The first question is why in the first query the actual time of the Beatmap Heap Scan is higher than the expected cost ?

Also, is there a configuration that would improve the query performance ?

Many thanks in advance.

PS :due to RAM limitation I can not use pg-warm tool

Best Answer

You need to understand that the costs provided are not absolute values. It basically has no other meaning than helping the planner comparing plans. So you can't compare cost (that has no unit) to actual time (that's given in ms). You can compare costs between two plans (provided by the same postgres server, because it will depend on configuration parameters and sometimes Postgres version).

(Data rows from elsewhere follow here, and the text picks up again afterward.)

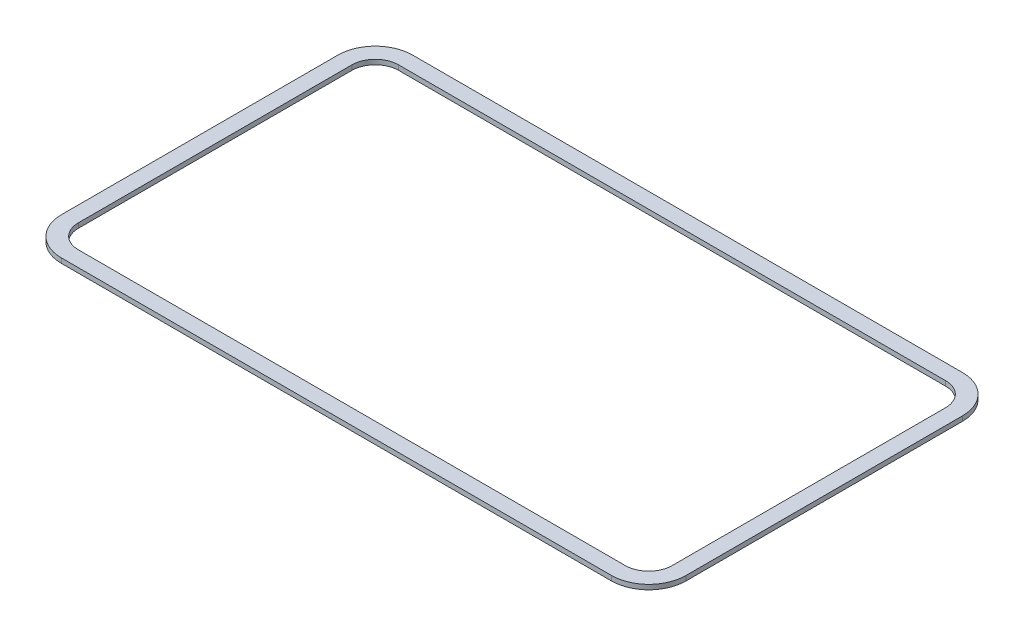
ISO-10303-21;
HEADER;
FILE_DESCRIPTION(('STEP AP214'),'2;1');
FILE_NAME('part.step','',(''),(''),'','','');
FILE_SCHEMA(('AUTOMOTIVE_DESIGN { 1 0 10303 214 1 1 1 1 }'));
ENDSEC;
DATA;
#1=APPLICATION_CONTEXT('core data for automotive mechanical design processes');
#2=APPLICATION_PROTOCOL_DEFINITION('international standard','automotive_design',2000,#1);
#3=PRODUCT_CONTEXT('',#1,'mechanical');
#4=PRODUCT('Part','Part','',(#3));
#5=PRODUCT_RELATED_PRODUCT_CATEGORY('part','',(#4));
#6=PRODUCT_DEFINITION_FORMATION('','',#4);
#7=PRODUCT_DEFINITION_CONTEXT('part definition',#1,'design');
#8=PRODUCT_DEFINITION('design','',#6,#7);
#9=PRODUCT_DEFINITION_SHAPE('','',#8);
#10=(LENGTH_UNIT() NAMED_UNIT(*) SI_UNIT(.MILLI.,.METRE.));
#11=(NAMED_UNIT(*) PLANE_ANGLE_UNIT() SI_UNIT($,.RADIAN.));
#12=(NAMED_UNIT(*) SI_UNIT($,.STERADIAN.) SOLID_ANGLE_UNIT());
#13=UNCERTAINTY_MEASURE_WITH_UNIT(LENGTH_MEASURE(1.E-05),#10,'distance_accuracy_value','');
#14=(GEOMETRIC_REPRESENTATION_CONTEXT(3) GLOBAL_UNCERTAINTY_ASSIGNED_CONTEXT((#13)) GLOBAL_UNIT_ASSIGNED_CONTEXT((#10,
#11,#12)) REPRESENTATION_CONTEXT('',''));
#15=CARTESIAN_POINT('',(0.,0.,0.));
#16=DIRECTION('',(0.,0.,1.));
#17=DIRECTION('',(1.,0.,0.));
#18=AXIS2_PLACEMENT_3D('',#15,#16,#17);
#19=CARTESIAN_POINT('',(-10.,114.579795605042,-10.));
#20=DIRECTION('',(0.,-1.,0.));
#21=DIRECTION('',(0.,0.,-1.));
#22=AXIS2_PLACEMENT_3D('',#19,#20,#21);
#23=CYLINDRICAL_SURFACE('',#22,7.7038728258217);
#24=CARTESIAN_POINT('',(-10.,113.001,-10.));
#25=DIRECTION('',(0.,1.,0.));
#26=DIRECTION('',(0.,0.,1.));
#27=AXIS2_PLACEMENT_3D('',#24,#25,#26);
#28=CIRCLE('',#27,7.7038728258217);
#29=CARTESIAN_POINT('',(-10.,113.001,-2.2961271741783));
#30=VERTEX_POINT('',#29);
#31=CARTESIAN_POINT('',(-2.29612717417829,113.001,-10.));
#32=VERTEX_POINT('',#31);
#33=EDGE_CURVE('E188',#30,#32,#28,.T.);
#34=ORIENTED_EDGE('',*,*,#33,.F.);
#35=DIRECTION('',(0.,-1.,0.));
#36=VECTOR('',#35,1.);
#37=CARTESIAN_POINT('',(-10.,114.579795605042,-2.2961271741783));
#38=LINE('',#37,#36);
#39=CARTESIAN_POINT('',(-10.,114.579795605042,-2.2961271741783));
#40=VERTEX_POINT('',#39);
#41=EDGE_CURVE('E35',#40,#30,#38,.T.);
#42=ORIENTED_EDGE('',*,*,#41,.F.);
#43=CARTESIAN_POINT('',(-10.,114.579795605042,-10.));
#44=DIRECTION('',(0.,1.,0.));
#45=DIRECTION('',(0.,0.,1.));
#46=AXIS2_PLACEMENT_3D('',#43,#44,#45);
#47=CIRCLE('',#46,7.7038728258217);
#48=CARTESIAN_POINT('',(-2.29612717417829,114.579795605042,-10.));
#49=VERTEX_POINT('',#48);
#50=EDGE_CURVE('E247',#40,#49,#47,.T.);
#51=ORIENTED_EDGE('',*,*,#50,.T.);
#52=DIRECTION('',(0.,-1.,0.));
#53=VECTOR('',#52,1.);
#54=CARTESIAN_POINT('',(-2.29612717417829,114.579795605042,-10.));
#55=LINE('',#54,#53);
#56=EDGE_CURVE('E10',#49,#32,#55,.T.);
#57=ORIENTED_EDGE('',*,*,#56,.T.);
#58=EDGE_LOOP('',(#34,#42,#51,#57));
#59=FACE_BOUND('',#58,.T.);
#60=ADVANCED_FACE('F16',(#59),#23,.F.);
#61=CARTESIAN_POINT('',(-2.29612717417829,114.579795605042,-10.));
#62=DIRECTION('',(-1.,0.,0.));
#63=DIRECTION('',(0.,0.,1.));
#64=AXIS2_PLACEMENT_3D('',#61,#62,#63);
#65=PLANE('',#64);
#66=DIRECTION('',(0.,0.,-1.));
#67=VECTOR('',#66,1.);
#68=CARTESIAN_POINT('',(-2.29612717417829,113.001,-10.));
#69=LINE('',#68,#67);
#70=CARTESIAN_POINT('',(-2.29612717417831,113.001,-100.));
#71=VERTEX_POINT('',#70);
#72=EDGE_CURVE('E191',#32,#71,#69,.T.);
#73=ORIENTED_EDGE('',*,*,#72,.F.);
#74=ORIENTED_EDGE('',*,*,#56,.F.);
#75=DIRECTION('',(0.,0.,-1.));
#76=VECTOR('',#75,1.);
#77=CARTESIAN_POINT('',(-2.29612717417829,114.579795605042,-10.));
#78=LINE('',#77,#76);
#79=CARTESIAN_POINT('',(-2.29612717417831,114.579795605042,-100.));
#80=VERTEX_POINT('',#79);
#81=EDGE_CURVE('E269',#49,#80,#78,.T.);
#82=ORIENTED_EDGE('',*,*,#81,.T.);
#83=DIRECTION('',(0.,-1.,0.));
#84=VECTOR('',#83,1.);
#85=CARTESIAN_POINT('',(-2.29612717417831,114.579795605042,-100.));
#86=LINE('',#85,#84);
#87=EDGE_CURVE('E26',#80,#71,#86,.T.);
#88=ORIENTED_EDGE('',*,*,#87,.T.);
#89=EDGE_LOOP('',(#73,#74,#82,#88));
#90=FACE_BOUND('',#89,.T.);
#91=ADVANCED_FACE('F291',(#90),#65,.T.);
#92=CARTESIAN_POINT('',(-10.,114.579795605042,-100.));
#93=DIRECTION('',(0.,-1.,0.));
#94=DIRECTION('',(0.,0.,-1.));
#95=AXIS2_PLACEMENT_3D('',#92,#93,#94);
#96=CYLINDRICAL_SURFACE('',#95,7.7038728258217);
#97=CARTESIAN_POINT('',(-10.,113.001,-100.));
#98=DIRECTION('',(0.,1.,0.));
#99=DIRECTION('',(1.,0.,0.));
#100=AXIS2_PLACEMENT_3D('',#97,#98,#99);
#101=CIRCLE('',#100,7.7038728258217);
#102=CARTESIAN_POINT('',(-10.,113.001,-107.703872825822));
#103=VERTEX_POINT('',#102);
#104=EDGE_CURVE('E194',#71,#103,#101,.T.);
#105=ORIENTED_EDGE('',*,*,#104,.F.);
#106=ORIENTED_EDGE('',*,*,#87,.F.);
#107=CARTESIAN_POINT('',(-10.,114.579795605042,-100.));
#108=DIRECTION('',(0.,1.,0.));
#109=DIRECTION('',(1.,0.,0.));
#110=AXIS2_PLACEMENT_3D('',#107,#108,#109);
#111=CIRCLE('',#110,7.7038728258217);
#112=CARTESIAN_POINT('',(-10.,114.579795605042,-107.703872825822));
#113=VERTEX_POINT('',#112);
#114=EDGE_CURVE('E272',#80,#113,#111,.T.);
#115=ORIENTED_EDGE('',*,*,#114,.T.);
#116=DIRECTION('',(0.,-1.,0.));
#117=VECTOR('',#116,1.);
#118=CARTESIAN_POINT('',(-10.,114.579795605042,-107.703872825822));
#119=LINE('',#118,#117);
#120=EDGE_CURVE('E214',#113,#103,#119,.T.);
#121=ORIENTED_EDGE('',*,*,#120,.T.);
#122=EDGE_LOOP('',(#105,#106,#115,#121));
#123=FACE_BOUND('',#122,.T.);
#124=ADVANCED_FACE('F288',(#123),#96,.F.);
#125=CARTESIAN_POINT('',(-10.,114.579795605042,-107.703872825822));
#126=DIRECTION('',(0.,0.,1.));
#127=DIRECTION('',(1.,0.,0.));
#128=AXIS2_PLACEMENT_3D('',#125,#126,#127);
#129=PLANE('',#128);
#130=DIRECTION('',(-1.,0.,0.));
#131=VECTOR('',#130,1.);
#132=CARTESIAN_POINT('',(-10.,113.001,-107.703872825822));
#133=LINE('',#132,#131);
#134=CARTESIAN_POINT('',(-190.,113.001,-107.703872825822));
#135=VERTEX_POINT('',#134);
#136=EDGE_CURVE('E197',#103,#135,#133,.T.);
#137=ORIENTED_EDGE('',*,*,#136,.F.);
#138=ORIENTED_EDGE('',*,*,#120,.F.);
#139=DIRECTION('',(-1.,0.,0.));
#140=VECTOR('',#139,1.);
#141=CARTESIAN_POINT('',(-10.,114.579795605042,-107.703872825822));
#142=LINE('',#141,#140);
#143=CARTESIAN_POINT('',(-190.,114.579795605042,-107.703872825822));
#144=VERTEX_POINT('',#143);
#145=EDGE_CURVE('E275',#113,#144,#142,.T.);
#146=ORIENTED_EDGE('',*,*,#145,.T.);
#147=DIRECTION('',(0.,-1.,0.));
#148=VECTOR('',#147,1.);
#149=CARTESIAN_POINT('',(-190.,114.579795605042,-107.703872825822));
#150=LINE('',#149,#148);
#151=EDGE_CURVE('E212',#144,#135,#150,.T.);
#152=ORIENTED_EDGE('',*,*,#151,.T.);
#153=EDGE_LOOP('',(#137,#138,#146,#152));
#154=FACE_BOUND('',#153,.T.);
#155=ADVANCED_FACE('F285',(#154),#129,.T.);
#156=CARTESIAN_POINT('',(-190.,114.579795605042,-100.));
#157=DIRECTION('',(0.,-1.,0.));
#158=DIRECTION('',(0.,0.,-1.));
#159=AXIS2_PLACEMENT_3D('',#156,#157,#158);
#160=CYLINDRICAL_SURFACE('',#159,7.7038728258217);
#161=CARTESIAN_POINT('',(-190.,113.001,-100.));
#162=DIRECTION('',(0.,1.,0.));
#163=DIRECTION('',(0.,0.,-1.));
#164=AXIS2_PLACEMENT_3D('',#161,#162,#163);
#165=CIRCLE('',#164,7.7038728258217);
#166=CARTESIAN_POINT('',(-197.703872825822,113.001,-100.));
#167=VERTEX_POINT('',#166);
#168=EDGE_CURVE('E200',#135,#167,#165,.T.);
#169=ORIENTED_EDGE('',*,*,#168,.F.);
#170=ORIENTED_EDGE('',*,*,#151,.F.);
#171=CARTESIAN_POINT('',(-190.,114.579795605042,-100.));
#172=DIRECTION('',(0.,1.,0.));
#173=DIRECTION('',(0.,0.,-1.));
#174=AXIS2_PLACEMENT_3D('',#171,#172,#173);
#175=CIRCLE('',#174,7.7038728258217);
#176=CARTESIAN_POINT('',(-197.703872825822,114.579795605042,-100.));
#177=VERTEX_POINT('',#176);
#178=EDGE_CURVE('E154',#144,#177,#175,.T.);
#179=ORIENTED_EDGE('',*,*,#178,.T.);
#180=DIRECTION('',(0.,-1.,0.));
#181=VECTOR('',#180,1.);
#182=CARTESIAN_POINT('',(-197.703872825822,114.579795605042,-100.));
#183=LINE('',#182,#181);
#184=EDGE_CURVE('E146',#177,#167,#183,.T.);
#185=ORIENTED_EDGE('',*,*,#184,.T.);
#186=EDGE_LOOP('',(#169,#170,#179,#185));
#187=FACE_BOUND('',#186,.T.);
#188=ADVANCED_FACE('F279',(#187),#160,.F.);
#189=CARTESIAN_POINT('',(-197.703872825822,114.579795605042,-100.));
#190=DIRECTION('',(1.,0.,0.));
#191=DIRECTION('',(0.,0.,-1.));
#192=AXIS2_PLACEMENT_3D('',#189,#190,#191);
#193=PLANE('',#192);
#194=DIRECTION('',(0.,0.,1.));
#195=VECTOR('',#194,1.);
#196=CARTESIAN_POINT('',(-197.703872825822,113.001,-100.));
#197=LINE('',#196,#195);
#198=CARTESIAN_POINT('',(-197.703872825822,113.001,-10.));
#199=VERTEX_POINT('',#198);
#200=EDGE_CURVE('E203',#167,#199,#197,.T.);
#201=ORIENTED_EDGE('',*,*,#200,.F.);
#202=ORIENTED_EDGE('',*,*,#184,.F.);
#203=DIRECTION('',(0.,0.,1.));
#204=VECTOR('',#203,1.);
#205=CARTESIAN_POINT('',(-197.703872825822,114.579795605042,-100.));
#206=LINE('',#205,#204);
#207=CARTESIAN_POINT('',(-197.703872825822,114.579795605042,-10.));
#208=VERTEX_POINT('',#207);
#209=EDGE_CURVE('E149',#177,#208,#206,.T.);
#210=ORIENTED_EDGE('',*,*,#209,.T.);
#211=DIRECTION('',(0.,-1.,0.));
#212=VECTOR('',#211,1.);
#213=CARTESIAN_POINT('',(-197.703872825822,114.579795605042,-10.));
#214=LINE('',#213,#212);
#215=EDGE_CURVE('E135',#208,#199,#214,.T.);
#216=ORIENTED_EDGE('',*,*,#215,.T.);
#217=EDGE_LOOP('',(#201,#202,#210,#216));
#218=FACE_BOUND('',#217,.T.);
#219=ADVANCED_FACE('F150',(#218),#193,.T.);
#220=CARTESIAN_POINT('',(-190.,114.579795605042,-10.));
#221=DIRECTION('',(0.,-1.,0.));
#222=DIRECTION('',(0.,0.,-1.));
#223=AXIS2_PLACEMENT_3D('',#220,#221,#222);
#224=CYLINDRICAL_SURFACE('',#223,7.70387282582172);
#225=CARTESIAN_POINT('',(-190.,113.001,-10.));
#226=DIRECTION('',(0.,1.,0.));
#227=DIRECTION('',(-1.,0.,0.));
#228=AXIS2_PLACEMENT_3D('',#225,#226,#227);
#229=CIRCLE('',#228,7.70387282582172);
#230=CARTESIAN_POINT('',(-190.,113.001,-2.29612717417829));
#231=VERTEX_POINT('',#230);
#232=EDGE_CURVE('E142',#199,#231,#229,.T.);
#233=ORIENTED_EDGE('',*,*,#232,.F.);
#234=ORIENTED_EDGE('',*,*,#215,.F.);
#235=CARTESIAN_POINT('',(-190.,114.579795605042,-10.));
#236=DIRECTION('',(0.,1.,0.));
#237=DIRECTION('',(-1.,0.,0.));
#238=AXIS2_PLACEMENT_3D('',#235,#236,#237);
#239=CIRCLE('',#238,7.70387282582172);
#240=CARTESIAN_POINT('',(-190.,114.579795605042,-2.29612717417829));
#241=VERTEX_POINT('',#240);
#242=EDGE_CURVE('E139',#208,#241,#239,.T.);
#243=ORIENTED_EDGE('',*,*,#242,.T.);
#244=DIRECTION('',(0.,-1.,0.));
#245=VECTOR('',#244,1.);
#246=CARTESIAN_POINT('',(-190.,114.579795605042,-2.29612717417829));
#247=LINE('',#246,#245);
#248=EDGE_CURVE('E87',#241,#231,#247,.T.);
#249=ORIENTED_EDGE('',*,*,#248,.T.);
#250=EDGE_LOOP('',(#233,#234,#243,#249));
#251=FACE_BOUND('',#250,.T.);
#252=ADVANCED_FACE('F137',(#251),#224,.F.);
#253=CARTESIAN_POINT('',(-190.5,114.579795605042,-100.5));
#254=DIRECTION('',(0.,-1.,0.));
#255=DIRECTION('',(0.,0.,-1.));
#256=AXIS2_PLACEMENT_3D('',#253,#254,#255);
#257=CYLINDRICAL_SURFACE('',#256,12.2961271741783);
#258=CARTESIAN_POINT('',(-190.5,113.001,-100.5));
#259=DIRECTION('',(0.,-1.,0.));
#260=DIRECTION('',(-1.,0.,0.));
#261=AXIS2_PLACEMENT_3D('',#258,#259,#260);
#262=CIRCLE('',#261,12.2961271741783);
#263=CARTESIAN_POINT('',(-202.796127174178,113.001,-100.5));
#264=VERTEX_POINT('',#263);
#265=CARTESIAN_POINT('',(-190.5,113.001,-112.796127174178));
#266=VERTEX_POINT('',#265);
#267=EDGE_CURVE('E164',#264,#266,#262,.T.);
#268=ORIENTED_EDGE('',*,*,#267,.F.);
#269=DIRECTION('',(0.,-1.,0.));
#270=VECTOR('',#269,1.);
#271=CARTESIAN_POINT('',(-202.796127174178,114.579795605042,-100.5));
#272=LINE('',#271,#270);
#273=CARTESIAN_POINT('',(-202.796127174178,114.579795605042,-100.5));
#274=VERTEX_POINT('',#273);
#275=EDGE_CURVE('E160',#274,#264,#272,.T.);
#276=ORIENTED_EDGE('',*,*,#275,.F.);
#277=CARTESIAN_POINT('',(-190.5,114.579795605042,-100.5));
#278=DIRECTION('',(0.,-1.,0.));
#279=DIRECTION('',(-1.,0.,0.));
#280=AXIS2_PLACEMENT_3D('',#277,#278,#279);
#281=CIRCLE('',#280,12.2961271741783);
#282=CARTESIAN_POINT('',(-190.5,114.579795605042,-112.796127174178));
#283=VERTEX_POINT('',#282);
#284=EDGE_CURVE('E208',#274,#283,#281,.T.);
#285=ORIENTED_EDGE('',*,*,#284,.T.);
#286=DIRECTION('',(0.,-1.,0.));
#287=VECTOR('',#286,1.);
#288=CARTESIAN_POINT('',(-190.5,114.579795605042,-112.796127174178));
#289=LINE('',#288,#287);
#290=EDGE_CURVE('E20',#283,#266,#289,.T.);
#291=ORIENTED_EDGE('',*,*,#290,.T.);
#292=EDGE_LOOP('',(#268,#276,#285,#291));
#293=FACE_BOUND('',#292,.T.);
#294=ADVANCED_FACE('F18',(#293),#257,.T.);
#295=CARTESIAN_POINT('',(-190.5,114.579795605042,-112.796127174178));
#296=DIRECTION('',(0.,0.,-1.));
#297=DIRECTION('',(-1.,0.,0.));
#298=AXIS2_PLACEMENT_3D('',#295,#296,#297);
#299=PLANE('',#298);
#300=DIRECTION('',(1.,0.,0.));
#301=VECTOR('',#300,1.);
#302=CARTESIAN_POINT('',(-190.5,113.001,-112.796127174178));
#303=LINE('',#302,#301);
#304=CARTESIAN_POINT('',(-9.50000000000001,113.001,-112.796127174178));
#305=VERTEX_POINT('',#304);
#306=EDGE_CURVE('E167',#266,#305,#303,.T.);
#307=ORIENTED_EDGE('',*,*,#306,.F.);
#308=ORIENTED_EDGE('',*,*,#290,.F.);
#309=DIRECTION('',(1.,0.,0.));
#310=VECTOR('',#309,1.);
#311=CARTESIAN_POINT('',(-190.5,114.579795605042,-112.796127174178));
#312=LINE('',#311,#310);
#313=CARTESIAN_POINT('',(-9.50000000000001,114.579795605042,-112.796127174178));
#314=VERTEX_POINT('',#313);
#315=EDGE_CURVE('E251',#283,#314,#312,.T.);
#316=ORIENTED_EDGE('',*,*,#315,.T.);
#317=DIRECTION('',(0.,-1.,0.));
#318=VECTOR('',#317,1.);
#319=CARTESIAN_POINT('',(-9.50000000000001,114.579795605042,-112.796127174178));
#320=LINE('',#319,#318);
#321=EDGE_CURVE('E227',#314,#305,#320,.T.);
#322=ORIENTED_EDGE('',*,*,#321,.T.);
#323=EDGE_LOOP('',(#307,#308,#316,#322));
#324=FACE_BOUND('',#323,.T.);
#325=ADVANCED_FACE('F233',(#324),#299,.T.);
#326=CARTESIAN_POINT('',(-9.50000000000001,114.579795605042,-100.5));
#327=DIRECTION('',(0.,-1.,0.));
#328=DIRECTION('',(0.,0.,-1.));
#329=AXIS2_PLACEMENT_3D('',#326,#327,#328);
#330=CYLINDRICAL_SURFACE('',#329,12.2961271741783);
#331=CARTESIAN_POINT('',(-9.50000000000001,113.001,-100.5));
#332=DIRECTION('',(0.,-1.,0.));
#333=DIRECTION('',(0.,0.,-1.));
#334=AXIS2_PLACEMENT_3D('',#331,#332,#333);
#335=CIRCLE('',#334,12.2961271741783);
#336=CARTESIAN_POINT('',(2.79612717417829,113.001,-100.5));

Then (and I think you figured it out by yourself), the performance difference between first time and second time is that the second time data are cached, so getting them is way faster...

Your query runs in 45ms when data are not cached... That's pretty good and it wouldn't need farther optimization normally. Remember the first rule for optimization is

Don't do it

But I think you simplified your problem here so we could understand it. If your query is way more slower that what you showed and does use OR, remember it's quite expensive (in time and resource). You can always rewrite your query like that :

EXPLAIN ANALYZE SELECT col1, col12, col22, col17, col41, col27 FROM table1 WHERE table1.id IN(461,7618,45581,5238);

or like that :

EXPLAIN ANALYZE
(SELECT col1, col12, col22, col17, col41, col27 FROM table1 WHERE table1.id=461
UNION ALL
SELECT col1, col12, col22, col17, col41, col27 FROM table1 WHERE table1.id=7618
UNION ALL
SELECT col1, col12, col22, col17, col41, col27 FROM table1 WHERE table1.id=45581
UNION ALL
SELECT col1, col12, col22, col17, col41, col27 FROM table1 table1.id=5238);

Or (like a_horse_with_no_name suggested) with a join on a values clause :

EXPLAIN ANALYZE SELECT col1, col12, col22, col17, col41, col27 FROM table1 INNER JOIN (VALUES (461),(7618),(45581),(5238)) AS t(id) ON table1.id = t.id;

You might find usefull the using explain official documentation page.